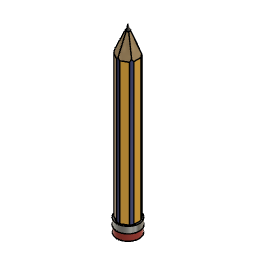
Pencil (Autodesk Fusion 360 design; units mm, degrees)
Autodesk Fusion 360 part; units mm, degrees
sketch "Sketch4" plane through (0, 0, 0) normal (0, 0, 1) x (1, 0, 0)
  line L0 (10, 5.7735) -> (0, 11.547)
  line L1 (0, 11.547) -> (-10, 5.7735)
  line L2 (-10, 5.7735) -> (-10, -5.7735)
  line L3 (-10, -5.7735) -> (0, -11.547)
  line L4 (0, -11.547) -> (10, -5.7735)
  line L5 (10, -5.7735) -> (10, 5.7735)
extrude "Extrude3" add sketch "Sketch4" along normal blind 150
ref_plane "WorkPlane2" through (0, 0, 172) normal (0, 0, 1) x (1, 0, 0)
sketch "Sketch6" plane through (0, 0, 172) normal (0, 0, 1) x (1, 0, 0)
  circle A0 centre (0, 0) radius 2
  constraint coincident A0.centre origin
loft "Loft1" add profiles "Sketch6" section 1 face at (3.3333, 1.9245, 150) section 2
ref_plane "WorkPlane3" through (0, 0, 178) normal (0, 0, 1) x (1, 0, 0)
sketch "Sketch7" plane through (0, 0, 178) normal (0, 0, 1) x (1, 0, 0)
  circle A0 centre (0, 0) radius 0.0005
  dimension "d11" = 0.001
  constraint coincident A0.centre origin
  measures "d11" diameter of A0
loft "Loft2" add section 1 face at (-0.1251, 0.4887, 172) section 2 point at (0, 0, 178)
sketch "Sketch8" plane through (0, 0, 0) normal (0, 0, -1) x (1, 0, 0)
  line L0 (10, -5.7735) -> (10, 5.7735)
  line L1 (10, 5.7735) -> (0, 11.547)
  line L2 (0, 11.547) -> (-10, 5.7735)
  line L3 (-10, 5.7735) -> (-10, -5.7735)
  line L4 (-10, -5.7735) -> (0, -11.547)
  line L5 (0, -11.547) -> (10, -5.7735)
  circle A0 centre (0, 0) radius 12
  constraint coincident A0.centre origin
extrude "Extrude4" add sketch "Sketch8" along normal blind 7 contours L0 L1 L2 L3 L4 L5 | A0
sketch "Sketch9" plane through (0, 0, -7) normal (0, 0, -1) x (1, 0, 0)
  circle A0 centre (0, 0) radius 12
  circle A1 centre (0, 0) radius 11.75
  dimension "d14" = 23.5
  constraint concentric A0 A1
  measures "d14" diameter of A1
extrude "Extrude5" add sketch "Sketch9" along normal blind 7 contours A1
chamfer "Chamfer1" distance 2 angle 45 6 edges at (0, -11.547, 75) (10, -5.7735, 75) (10, 5.7735, 75) (0, 11.547, 75) (-10, 5.7735, 75) (-10, -5.7735, 75)
fillet "Fillet1" radius 0.1 12 edges at (1.7321, -10.547, 75) (8.2679, -6.7735, 75) (10, -3.7735, 75) (10, 3.7735, 75) (8.2679, 6.7735, 75) (1.7321, 10.547, 75) (-1.7321, 10.547, 75) (-8.2679, 6.7735, 75) (-10, 3.7735, 75) (-10, -3.7735, 75) (-8.2679, -6.7735, 75) (-1.7321, -10.547, 75)

▶ **Task**: The copy should hold every entry above word for word and none of the pictures.

▶ **Output below**:
Pencil (Autodesk Fusion 360 design; units mm, degrees)
Autodesk Fusion 360 part; units mm, degrees
sketch "Sketch4" plane through (0, 0, 0) normal (0, 0, 1) x (1, 0, 0)
  line L0 (10, 5.7735) -> (0, 11.547)
  line L1 (0, 11.547) -> (-10, 5.7735)
  line L2 (-10, 5.7735) -> (-10, -5.7735)
  line L3 (-10, -5.7735) -> (0, -11.547)
  line L4 (0, -11.547) -> (10, -5.7735)
  line L5 (10, -5.7735) -> (10, 5.7735)
extrude "Extrude3" add sketch "Sketch4" along normal blind 150
ref_plane "WorkPlane2" through (0, 0, 172) normal (0, 0, 1) x (1, 0, 0)
sketch "Sketch6" plane through (0, 0, 172) normal (0, 0, 1) x (1, 0, 0)
  circle A0 centre (0, 0) radius 2
  constraint coincident A0.centre origin
loft "Loft1" add profiles "Sketch6" section 1 face at (3.3333, 1.9245, 150) section 2
ref_plane "WorkPlane3" through (0, 0, 178) normal (0, 0, 1) x (1, 0, 0)
sketch "Sketch7" plane through (0, 0, 178) normal (0, 0, 1) x (1, 0, 0)
  circle A0 centre (0, 0) radius 0.0005
  dimension "d11" = 0.001
  constraint coincident A0.centre origin
  measures "d11" diameter of A0
loft "Loft2" add section 1 face at (-0.1251, 0.4887, 172) section 2 point at (0, 0, 178)
sketch "Sketch8" plane through (0, 0, 0) normal (0, 0, -1) x (1, 0, 0)
  line L0 (10, -5.7735) -> (10, 5.7735)
  line L1 (10, 5.7735) -> (0, 11.547)
  line L2 (0, 11.547) -> (-10, 5.7735)
  line L3 (-10, 5.7735) -> (-10, -5.7735)
  line L4 (-10, -5.7735) -> (0, -11.547)
  line L5 (0, -11.547) -> (10, -5.7735)
  circle A0 centre (0, 0) radius 12
  constraint coincident A0.centre origin
extrude "Extrude4" add sketch "Sketch8" along normal blind 7 contours L0 L1 L2 L3 L4 L5 | A0
sketch "Sketch9" plane through (0, 0, -7) normal (0, 0, -1) x (1, 0, 0)
  circle A0 centre (0, 0) radius 12
  circle A1 centre (0, 0) radius 11.75
  dimension "d14" = 23.5
  constraint concentric A0 A1
  measures "d14" diameter of A1
extrude "Extrude5" add sketch "Sketch9" along normal blind 7 contours A1
chamfer "Chamfer1" distance 2 angle 45 6 edges at (0, -11.547, 75) (10, -5.7735, 75) (10, 5.7735, 75) (0, 11.547, 75) (-10, 5.7735, 75) (-10, -5.7735, 75)
fillet "Fillet1" radius 0.1 12 edges at (1.7321, -10.547, 75) (8.2679, -6.7735, 75) (10, -3.7735, 75) (10, 3.7735, 75) (8.2679, 6.7735, 75) (1.7321, 10.547, 75) (-1.7321, 10.547, 75) (-8.2679, 6.7735, 75) (-10, 3.7735, 75) (-10, -3.7735, 75) (-8.2679, -6.7735, 75) (-1.7321, -10.547, 75)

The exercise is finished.